▼▼▼

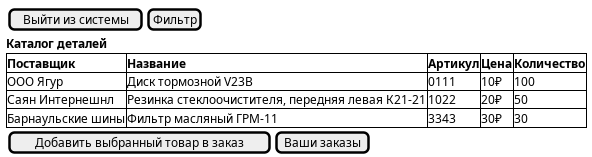

The diagram above was rendered by PlantUML. Its source (embedded in the PNG):
@startsalt Список товаров
{
    {
        [Выйти из системы]|[Фильтр]
    }
    <b>Каталог деталей
    {# <b>Поставщик | <b>Название | <b>Артикул| <b>Цена| <b>Количество
    ООО Ягур | Диск тормозной V23B  | 0111  | 10₽ | 100 
    Саян Интернешнл  |  Резинка стеклоочистителя, передняя левая К21-21 | 1022 | 20₽ | 50  
    Барнаульские шины | Фильтр масляный ГРМ-11 | 3343 | 30₽ | 30
    }
    {
        [Добавить выбранный товар в заказ]| [Ваши заказы]
    }
    
}
@endsalt

▲▲▲

Return all material verbatim, pictures omitted.

**OUTPUT OF THE TASK**
The diagram above was rendered by PlantUML. Its source (embedded in the PNG):
@startsalt Список товаров
{
    {
        [Выйти из системы]|[Фильтр]
    }
    <b>Каталог деталей
    {# <b>Поставщик | <b>Название | <b>Артикул| <b>Цена| <b>Количество
    ООО Ягур | Диск тормозной V23B  | 0111  | 10₽ | 100 
    Саян Интернешнл  |  Резинка стеклоочистителя, передняя левая К21-21 | 1022 | 20₽ | 50  
    Барнаульские шины | Фильтр масляный ГРМ-11 | 3343 | 30₽ | 30
    }
    {
        [Добавить выбранный товар в заказ]| [Ваши заказы]
    }
    
}
@endsalt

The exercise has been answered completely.